◆ DATASET
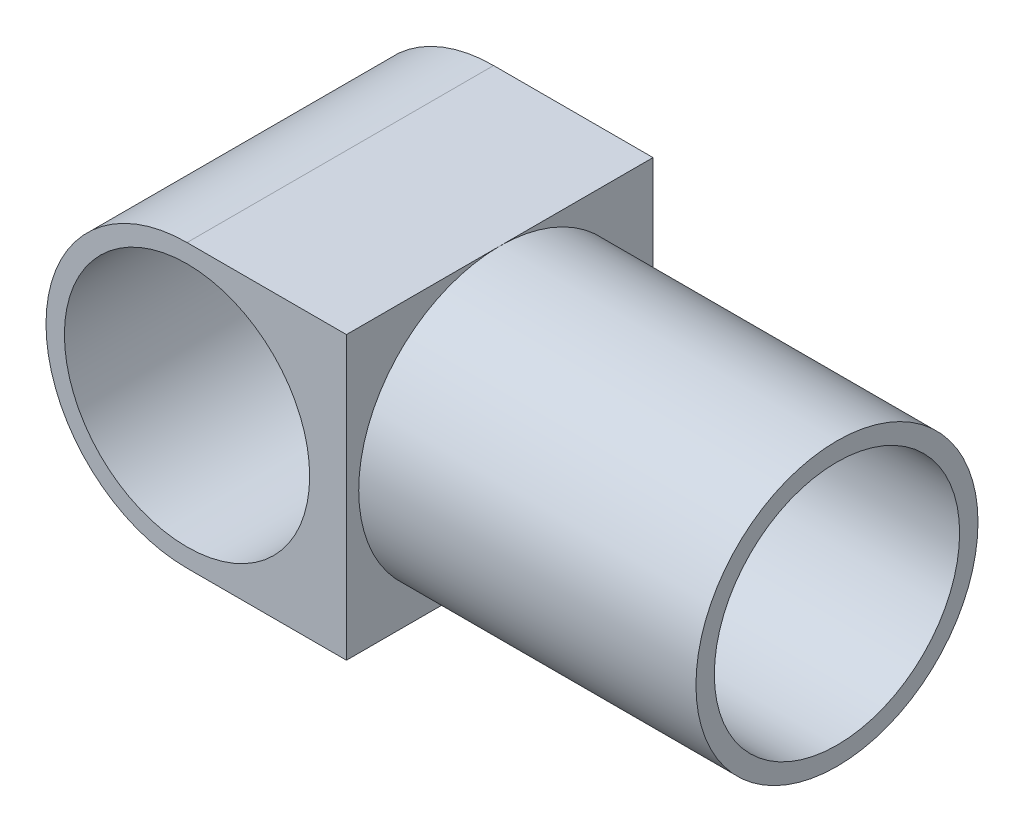
from build123d import *

# Parameters (mm, degrees)
SZKIC1_R                    = 10
DODANIE_WYCI_GNI_CIE1_DEPTH = 25
SZKIC2_R                    = 11.5
SZKIC2_R_2                  = 10
DODANIE_WYCI_GNI_CIE2_DEPTH = 27.5


with BuildPart() as part:
    # Szkic1 → Dodanie-wyciągnięcie1 (new body)
    with BuildSketch(Plane.XY):
        with BuildLine():
            Line((0, 11.5), (13, 11.5))
            Line((13, 11.5), (13, -11.5))
            Line((13, -11.5), (0, -11.5))
            ThreePointArc((0, -11.5), (-11.5, 0), (0, 11.5))
        make_face()
        Circle(SZKIC1_R, mode=Mode.SUBTRACT)
    extrude(amount=DODANIE_WYCI_GNI_CIE1_DEPTH)

    # Szkic2 → Dodanie-wyciągnięcie2 (add)
    with BuildSketch(Plane(origin=(13, 0, 0), x_dir=(0, 0, -1), z_dir=(1, 0, 0))):
        with Locations(Location((-12.5, 0, 0), (0, 0, 270))):
            Circle(SZKIC2_R)
        with Locations((-12.5, 0)):
            Circle(SZKIC2_R_2, mode=Mode.SUBTRACT)
    extrude(amount=DODANIE_WYCI_GNI_CIE2_DEPTH)


solid = part.part

◆ ASSIGNMENT
Transcribe each record above exactly, leaving every picture out of the copy.

◆ EXPECTED ANSWER
from build123d import *

# Parameters (mm, degrees)
SZKIC1_R                    = 10
DODANIE_WYCI_GNI_CIE1_DEPTH = 25
SZKIC2_R                    = 11.5
SZKIC2_R_2                  = 10
DODANIE_WYCI_GNI_CIE2_DEPTH = 27.5


with BuildPart() as part:
    # Szkic1 → Dodanie-wyciągnięcie1 (new body)
    with BuildSketch(Plane.XY):
        with BuildLine():
            Line((0, 11.5), (13, 11.5))
            Line((13, 11.5), (13, -11.5))
            Line((13, -11.5), (0, -11.5))
            ThreePointArc((0, -11.5), (-11.5, 0), (0, 11.5))
        make_face()
        Circle(SZKIC1_R, mode=Mode.SUBTRACT)
    extrude(amount=DODANIE_WYCI_GNI_CIE1_DEPTH)

    # Szkic2 → Dodanie-wyciągnięcie2 (add)
    with BuildSketch(Plane(origin=(13, 0, 0), x_dir=(0, 0, -1), z_dir=(1, 0, 0))):
        with Locations(Location((-12.5, 0, 0), (0, 0, 270))):
            Circle(SZKIC2_R)
        with Locations((-12.5, 0)):
            Circle(SZKIC2_R_2, mode=Mode.SUBTRACT)
    extrude(amount=DODANIE_WYCI_GNI_CIE2_DEPTH)


solid = part.part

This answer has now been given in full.